■ REQUIRED WORK: Restate the lines exactly, starting at the line that contains "#302=CYLINDRICAL_SURFACE('',#301,4.25);" and finishing with the final line of the records.

:: GIVEN DATA ::

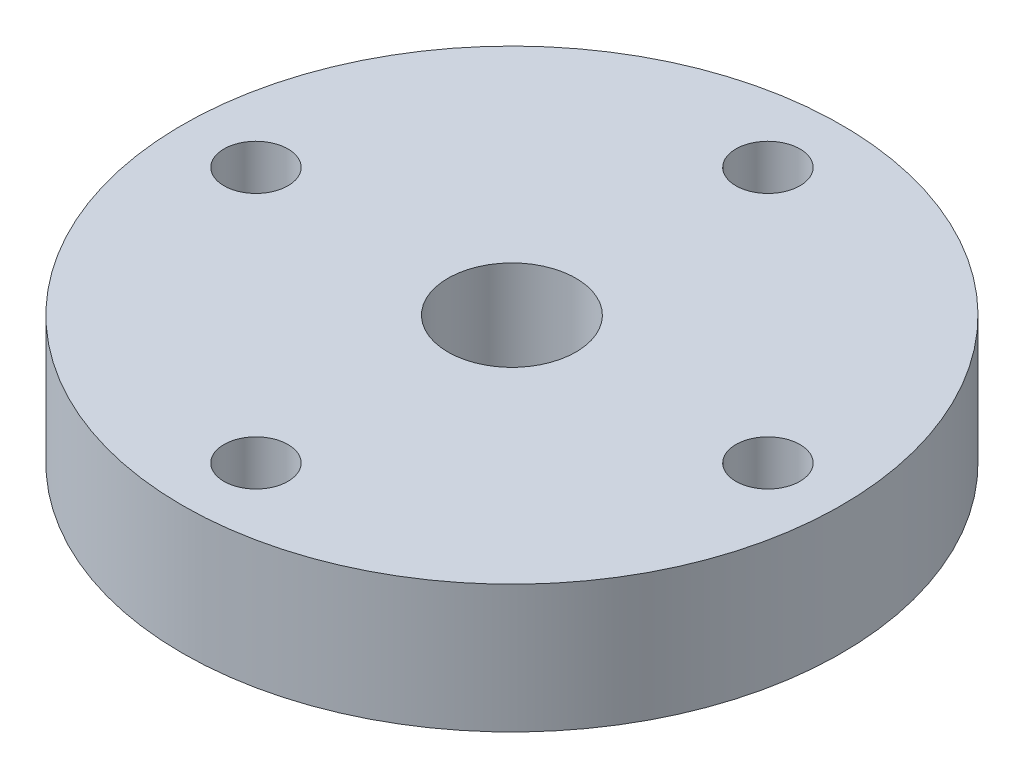
ISO-10303-21;
HEADER;
FILE_DESCRIPTION(('STEP AP214'),'2;1');
FILE_NAME('part.step','',(''),(''),'','','');
FILE_SCHEMA(('AUTOMOTIVE_DESIGN { 1 0 10303 214 1 1 1 1 }'));
ENDSEC;
DATA;
#1=APPLICATION_CONTEXT('core data for automotive mechanical design processes');
#2=APPLICATION_PROTOCOL_DEFINITION('international standard','automotive_design',2000,#1);
#3=PRODUCT_CONTEXT('',#1,'mechanical');
#4=PRODUCT('Part','Part','',(#3));
#5=PRODUCT_RELATED_PRODUCT_CATEGORY('part','',(#4));
#6=PRODUCT_DEFINITION_FORMATION('','',#4);
#7=PRODUCT_DEFINITION_CONTEXT('part definition',#1,'design');
#8=PRODUCT_DEFINITION('design','',#6,#7);
#9=PRODUCT_DEFINITION_SHAPE('','',#8);
#10=(LENGTH_UNIT() NAMED_UNIT(*) SI_UNIT(.MILLI.,.METRE.));
#11=(NAMED_UNIT(*) PLANE_ANGLE_UNIT() SI_UNIT($,.RADIAN.));
#12=(NAMED_UNIT(*) SI_UNIT($,.STERADIAN.) SOLID_ANGLE_UNIT());
#13=UNCERTAINTY_MEASURE_WITH_UNIT(LENGTH_MEASURE(1.E-05),#10,'distance_accuracy_value','');
#14=(GEOMETRIC_REPRESENTATION_CONTEXT(3) GLOBAL_UNCERTAINTY_ASSIGNED_CONTEXT((#13)) GLOBAL_UNIT_ASSIGNED_CONTEXT((#10,
#11,#12)) REPRESENTATION_CONTEXT('',''));
#15=CARTESIAN_POINT('',(0.,0.,0.));
#16=DIRECTION('',(0.,0.,1.));
#17=DIRECTION('',(1.,0.,0.));
#18=AXIS2_PLACEMENT_3D('',#15,#16,#17);
#19=CARTESIAN_POINT('',(0.,0.,0.));
#20=DIRECTION('',(0.,1.,0.));
#21=DIRECTION('',(0.,0.,1.));
#22=AXIS2_PLACEMENT_3D('',#19,#20,#21);
#23=PLANE('',#22);
#24=CARTESIAN_POINT('',(0.,0.,0.));
#25=DIRECTION('',(0.,1.,0.));
#26=DIRECTION('',(0.,0.,1.));
#27=AXIS2_PLACEMENT_3D('',#24,#25,#26);
#28=CIRCLE('',#27,2.);
#29=CARTESIAN_POINT('',(0.,0.,2.));
#30=VERTEX_POINT('',#29);
#31=EDGE_CURVE('E43',#30,#30,#28,.T.);
#32=ORIENTED_EDGE('',*,*,#31,.T.);
#33=EDGE_LOOP('',(#32));
#34=FACE_BOUND('',#33,.T.);
#35=CARTESIAN_POINT('',(0.,0.,0.));
#36=DIRECTION('',(0.,-1.,0.));
#37=DIRECTION('',(0.,0.,-1.));
#38=AXIS2_PLACEMENT_3D('',#35,#36,#37);
#39=CIRCLE('',#38,4.25);
#40=CARTESIAN_POINT('',(0.,0.,-4.25));
#41=VERTEX_POINT('',#40);
#42=EDGE_CURVE('E79',#41,#41,#39,.T.);
#43=ORIENTED_EDGE('',*,*,#42,.T.);
#44=EDGE_LOOP('',(#43));
#45=FACE_BOUND('',#44,.T.);
#46=ADVANCED_FACE('F30',(#34,#45),#23,.F.);
#47=CARTESIAN_POINT('',(0.,4.,0.));
#48=DIRECTION('',(0.,1.,0.));
#49=DIRECTION('',(0.,0.,1.));
#50=AXIS2_PLACEMENT_3D('',#47,#48,#49);
#51=PLANE('',#50);
#52=CARTESIAN_POINT('',(0.,4.,8.));
#53=DIRECTION('',(0.,1.,0.));
#54=DIRECTION('',(0.,0.,1.));
#55=AXIS2_PLACEMENT_3D('',#52,#53,#54);
#56=CIRCLE('',#55,1.);
#57=CARTESIAN_POINT('',(0.,4.,9.));
#58=VERTEX_POINT('',#57);
#59=EDGE_CURVE('E67',#58,#58,#56,.T.);
#60=ORIENTED_EDGE('',*,*,#59,.F.);
#61=EDGE_LOOP('',(#60));
#62=FACE_BOUND('',#61,.T.);
#63=CARTESIAN_POINT('',(8.,4.,0.));
#64=DIRECTION('',(0.,1.,0.));
#65=DIRECTION('',(0.,0.,1.));
#66=AXIS2_PLACEMENT_3D('',#63,#64,#65);
#67=CIRCLE('',#66,1.);
#68=CARTESIAN_POINT('',(8.,4.,1.));
#69=VERTEX_POINT('',#68);
#70=EDGE_CURVE('E61',#69,#69,#67,.T.);
#71=ORIENTED_EDGE('',*,*,#70,.F.);
#72=EDGE_LOOP('',(#71));
#73=FACE_BOUND('',#72,.T.);
#74=CARTESIAN_POINT('',(-8.,4.,0.));
#75=DIRECTION('',(0.,1.,0.));
#76=DIRECTION('',(0.,0.,1.));
#77=AXIS2_PLACEMENT_3D('',#74,#75,#76);
#78=CIRCLE('',#77,1.);
#79=CARTESIAN_POINT('',(-8.,4.,1.));
#80=VERTEX_POINT('',#79);
#81=EDGE_CURVE('E55',#80,#80,#78,.T.);
#82=ORIENTED_EDGE('',*,*,#81,.F.);
#83=EDGE_LOOP('',(#82));
#84=FACE_BOUND('',#83,.T.);
#85=CARTESIAN_POINT('',(0.,4.,-8.));
#86=DIRECTION('',(0.,1.,0.));
#87=DIRECTION('',(0.,0.,1.));
#88=AXIS2_PLACEMENT_3D('',#85,#86,#87);
#89=CIRCLE('',#88,1.);
#90=CARTESIAN_POINT('',(0.,4.,-7.));
#91=VERTEX_POINT('',#90);
#92=EDGE_CURVE('E49',#91,#91,#89,.T.);
#93=ORIENTED_EDGE('',*,*,#92,.F.);
#94=EDGE_LOOP('',(#93));
#95=FACE_BOUND('',#94,.T.);
#96=CARTESIAN_POINT('',(0.,4.,0.));
#97=DIRECTION('',(0.,1.,0.));
#98=DIRECTION('',(0.,0.,1.));
#99=AXIS2_PLACEMENT_3D('',#96,#97,#98);
#100=CIRCLE('',#99,10.3);
#101=CARTESIAN_POINT('',(0.,4.,10.3));
#102=VERTEX_POINT('',#101);
#103=EDGE_CURVE('E10',#102,#102,#100,.T.);
#104=ORIENTED_EDGE('',*,*,#103,.T.);
#105=EDGE_LOOP('',(#104));
#106=FACE_BOUND('',#105,.T.);
#107=CARTESIAN_POINT('',(0.,4.,0.));
#108=DIRECTION('',(0.,1.,0.));
#109=DIRECTION('',(0.,0.,1.));
#110=AXIS2_PLACEMENT_3D('',#107,#108,#109);
#111=CIRCLE('',#110,2.);
#112=CARTESIAN_POINT('',(0.,4.,2.));
#113=VERTEX_POINT('',#112);
#114=EDGE_CURVE('E41',#113,#113,#111,.T.);
#115=ORIENTED_EDGE('',*,*,#114,.F.);
#116=EDGE_LOOP('',(#115));
#117=FACE_BOUND('',#116,.T.);
#118=ADVANCED_FACE('F104',(#62,#73,#84,#95,#106,#117),#51,.T.);
#119=CARTESIAN_POINT('',(0.,0.,0.));
#120=DIRECTION('',(0.,-1.,0.));
#121=DIRECTION('',(0.,0.,-1.));
#122=AXIS2_PLACEMENT_3D('',#119,#120,#121);
#123=CIRCLE('',#122,6.);
#124=CARTESIAN_POINT('',(0.,0.,-6.));
#125=VERTEX_POINT('',#124);
#126=EDGE_CURVE('E73',#125,#125,#123,.T.);
#127=ORIENTED_EDGE('',*,*,#126,.F.);
#128=EDGE_LOOP('',(#127));
#129=FACE_BOUND('',#128,.T.);
#130=CARTESIAN_POINT('',(0.,0.,8.));
#131=DIRECTION('',(0.,1.,0.));
#132=DIRECTION('',(0.,0.,1.));
#133=AXIS2_PLACEMENT_3D('',#130,#131,#132);
#134=CIRCLE('',#133,1.);
#135=CARTESIAN_POINT('',(0.,0.,9.));
#136=VERTEX_POINT('',#135);
#137=EDGE_CURVE('E64',#136,#136,#134,.T.);
#138=ORIENTED_EDGE('',*,*,#137,.T.);
#139=EDGE_LOOP('',(#138));
#140=FACE_BOUND('',#139,.T.);
#141=CARTESIAN_POINT('',(8.,0.,0.));
#142=DIRECTION('',(0.,1.,0.));
#143=DIRECTION('',(0.,0.,1.));
#144=AXIS2_PLACEMENT_3D('',#141,#142,#143);
#145=CIRCLE('',#144,1.);
#146=CARTESIAN_POINT('',(8.,0.,1.));
#147=VERTEX_POINT('',#146);
#148=EDGE_CURVE('E58',#147,#147,#145,.T.);
#149=ORIENTED_EDGE('',*,*,#148,.T.);
#150=EDGE_LOOP('',(#149));
#151=FACE_BOUND('',#150,.T.);
#152=CARTESIAN_POINT('',(-8.,0.,0.));
#153=DIRECTION('',(0.,1.,0.));
#154=DIRECTION('',(0.,0.,1.));
#155=AXIS2_PLACEMENT_3D('',#152,#153,#154);
#156=CIRCLE('',#155,1.);
#157=CARTESIAN_POINT('',(-8.,0.,1.));
#158=VERTEX_POINT('',#157);
#159=EDGE_CURVE('E52',#158,#158,#156,.T.);
#160=ORIENTED_EDGE('',*,*,#159,.T.);
#161=EDGE_LOOP('',(#160));
#162=FACE_BOUND('',#161,.T.);
#163=CARTESIAN_POINT('',(0.,0.,-8.));
#164=DIRECTION('',(0.,1.,0.));
#165=DIRECTION('',(0.,0.,1.));
#166=AXIS2_PLACEMENT_3D('',#163,#164,#165);
#167=CIRCLE('',#166,1.);
#168=CARTESIAN_POINT('',(0.,0.,-7.));
#169=VERTEX_POINT('',#168);
#170=EDGE_CURVE('E46',#169,#169,#167,.T.);
#171=ORIENTED_EDGE('',*,*,#170,.T.);
#172=EDGE_LOOP('',(#171));
#173=FACE_BOUND('',#172,.T.);
#174=CARTESIAN_POINT('',(0.,0.,0.));
#175=DIRECTION('',(0.,1.,0.));
#176=DIRECTION('',(0.,0.,1.));
#177=AXIS2_PLACEMENT_3D('',#174,#175,#176);
#178=CIRCLE('',#177,10.3);
#179=CARTESIAN_POINT('',(0.,0.,10.3));
#180=VERTEX_POINT('',#179);
#181=EDGE_CURVE('E34',#180,#180,#178,.T.);
#182=ORIENTED_EDGE('',*,*,#181,.F.);
#183=EDGE_LOOP('',(#182));
#184=FACE_BOUND('',#183,.T.);
#185=ADVANCED_FACE('F101',(#129,#140,#151,#162,#173,#184),#23,.F.);
#186=CARTESIAN_POINT('',(0.,4.,0.));
#187=DIRECTION('',(0.,-1.,0.));
#188=DIRECTION('',(0.,0.,-1.));
#189=AXIS2_PLACEMENT_3D('',#186,#187,#188);
#190=CYLINDRICAL_SURFACE('',#189,10.3);
#191=ORIENTED_EDGE('',*,*,#103,.F.);
#192=EDGE_LOOP('',(#191));
#193=FACE_BOUND('',#192,.T.);
#194=ORIENTED_EDGE('',*,*,#181,.T.);
#195=EDGE_LOOP('',(#194));
#196=FACE_BOUND('',#195,.T.);
#197=ADVANCED_FACE('F32',(#193,#196),#190,.T.);
#198=CARTESIAN_POINT('',(0.,4.,0.));
#199=DIRECTION('',(0.,-1.,0.));
#200=DIRECTION('',(0.,0.,-1.));
#201=AXIS2_PLACEMENT_3D('',#198,#199,#200);
#202=CYLINDRICAL_SURFACE('',#201,2.);
#203=ORIENTED_EDGE('',*,*,#114,.T.);
#204=EDGE_LOOP('',(#203));
#205=FACE_BOUND('',#204,.T.);
#206=ORIENTED_EDGE('',*,*,#31,.F.);
#207=EDGE_LOOP('',(#206));
#208=FACE_BOUND('',#207,.T.);
#209=ADVANCED_FACE('F116',(#205,#208),#202,.F.);
#210=CARTESIAN_POINT('',(0.,0.,-8.));
#211=DIRECTION('',(0.,1.,0.));
#212=DIRECTION('',(0.,0.,1.));
#213=AXIS2_PLACEMENT_3D('',#210,#211,#212);
#214=CYLINDRICAL_SURFACE('',#213,1.);
#215=ORIENTED_EDGE('',*,*,#170,.F.);
#216=EDGE_LOOP('',(#215));
#217=FACE_BOUND('',#216,.T.);
#218=ORIENTED_EDGE('',*,*,#92,.T.);
#219=EDGE_LOOP('',(#218));
#220=FACE_BOUND('',#219,.T.);
#221=ADVANCED_FACE('F122',(#217,#220),#214,.F.);
#222=CARTESIAN_POINT('',(-8.,0.,0.));
#223=DIRECTION('',(0.,1.,0.));
#224=DIRECTION('',(0.,0.,1.));
#225=AXIS2_PLACEMENT_3D('',#222,#223,#224);
#226=CYLINDRICAL_SURFACE('',#225,1.);
#227=ORIENTED_EDGE('',*,*,#159,.F.);
#228=EDGE_LOOP('',(#227));
#229=FACE_BOUND('',#228,.T.);
#230=ORIENTED_EDGE('',*,*,#81,.T.);
#231=EDGE_LOOP('',(#230));
#232=FACE_BOUND('',#231,.T.);
#233=ADVANCED_FACE('F137',(#229,#232),#226,.F.);
#234=CARTESIAN_POINT('',(8.,0.,0.));
#235=DIRECTION('',(0.,1.,0.));
#236=DIRECTION('',(0.,0.,1.));
#237=AXIS2_PLACEMENT_3D('',#234,#235,#236);
#238=CYLINDRICAL_SURFACE('',#237,1.);
#239=ORIENTED_EDGE('',*,*,#148,.F.);
#240=EDGE_LOOP('',(#239));
#241=FACE_BOUND('',#240,.T.);
#242=ORIENTED_EDGE('',*,*,#70,.T.);
#243=EDGE_LOOP('',(#242));
#244=FACE_BOUND('',#243,.T.);
#245=ADVANCED_FACE('F141',(#241,#244),#238,.F.);
#246=CARTESIAN_POINT('',(0.,0.,8.));
#247=DIRECTION('',(0.,1.,0.));
#248=DIRECTION('',(0.,0.,1.));
#249=AXIS2_PLACEMENT_3D('',#246,#247,#248);
#250=CYLINDRICAL_SURFACE('',#249,1.);
#251=ORIENTED_EDGE('',*,*,#137,.F.);
#252=EDGE_LOOP('',(#251));
#253=FACE_BOUND('',#252,.T.);
#254=ORIENTED_EDGE('',*,*,#59,.T.);
#255=EDGE_LOOP('',(#254));
#256=FACE_BOUND('',#255,.T.);
#257=ADVANCED_FACE('F97',(#253,#256),#250,.F.);
#258=CARTESIAN_POINT('',(0.,2.,0.));
#259=DIRECTION('',(0.,-1.,0.));
#260=DIRECTION('',(0.,0.,-1.));
#261=AXIS2_PLACEMENT_3D('',#258,#259,#260);
#262=CYLINDRICAL_SURFACE('',#261,6.);
#263=CARTESIAN_POINT('',(0.,2.,0.));
#264=DIRECTION('',(0.,-1.,0.));
#265=DIRECTION('',(0.,0.,-1.));
#266=AXIS2_PLACEMENT_3D('',#263,#264,#265);
#267=CIRCLE('',#266,6.);
#268=CARTESIAN_POINT('',(0.,2.,-6.));
#269=VERTEX_POINT('',#268);
#270=EDGE_CURVE('E70',#269,#269,#267,.T.);
#271=ORIENTED_EDGE('',*,*,#270,.F.);
#272=EDGE_LOOP('',(#271));
#273=FACE_BOUND('',#272,.T.);
#274=ORIENTED_EDGE('',*,*,#126,.T.);
#275=EDGE_LOOP('',(#274));
#276=FACE_BOUND('',#275,.T.);
#277=ADVANCED_FACE('F91',(#273,#276),#262,.F.);
#278=CARTESIAN_POINT('',(0.,2.,0.));
#279=DIRECTION('',(0.,-1.,0.));
#280=DIRECTION('',(0.,0.,-1.));
#281=AXIS2_PLACEMENT_3D('',#278,#279,#280);
#282=PLANE('',#281);
#283=CARTESIAN_POINT('',(0.,2.,0.));
#284=DIRECTION('',(0.,-1.,0.));
#285=DIRECTION('',(0.,0.,-1.));
#286=AXIS2_PLACEMENT_3D('',#283,#284,#285);
#287=CIRCLE('',#286,4.25);
#288=CARTESIAN_POINT('',(0.,2.,-4.25));
#289=VERTEX_POINT('',#288);
#290=EDGE_CURVE('E76',#289,#289,#287,.T.);
#291=ORIENTED_EDGE('',*,*,#290,.F.);
#292=EDGE_LOOP('',(#291));
#293=FACE_BOUND('',#292,.T.);
#294=ORIENTED_EDGE('',*,*,#270,.T.);
#295=EDGE_LOOP('',(#294));
#296=FACE_BOUND('',#295,.T.);
#297=ADVANCED_FACE('F88',(#293,#296),#282,.T.);
#298=CARTESIAN_POINT('',(0.,2.,0.));
#299=DIRECTION('',(0.,-1.,0.));
#300=DIRECTION('',(0.,0.,-1.));
#301=AXIS2_PLACEMENT_3D('',#298,#299,#300);
#302=CYLINDRICAL_SURFACE('',#301,4.25);
#303=ORIENTED_EDGE('',*,*,#290,.T.);
#304=EDGE_LOOP('',(#303));
#305=FACE_BOUND('',#304,.T.);
#306=ORIENTED_EDGE('',*,*,#42,.F.);
#307=EDGE_LOOP('',(#306));
#308=FACE_BOUND('',#307,.T.);
#309=ADVANCED_FACE('F85',(#305,#308),#302,.T.);
#310=CLOSED_SHELL('',(#46,#118,#185,#197,#209,#221,#233,#245,#257,#277,#297,#309));
#311=MANIFOLD_SOLID_BREP('B2',#310);
#312=ADVANCED_BREP_SHAPE_REPRESENTATION('',(#18,#311),#14);
#313=SHAPE_DEFINITION_REPRESENTATION(#9,#312);
ENDSEC;
END-ISO-10303-21;

:::

■ EXERCISE SOLUTION:
#302=CYLINDRICAL_SURFACE('',#301,4.25);
#303=ORIENTED_EDGE('',*,*,#290,.T.);
#304=EDGE_LOOP('',(#303));
#305=FACE_BOUND('',#304,.T.);
#306=ORIENTED_EDGE('',*,*,#42,.F.);
#307=EDGE_LOOP('',(#306));
#308=FACE_BOUND('',#307,.T.);
#309=ADVANCED_FACE('F85',(#305,#308),#302,.T.);
#310=CLOSED_SHELL('',(#46,#118,#185,#197,#209,#221,#233,#245,#257,#277,#297,#309));
#311=MANIFOLD_SOLID_BREP('B2',#310);
#312=ADVANCED_BREP_SHAPE_REPRESENTATION('',(#18,#311),#14);
#313=SHAPE_DEFINITION_REPRESENTATION(#9,#312);
ENDSEC;
END-ISO-10303-21;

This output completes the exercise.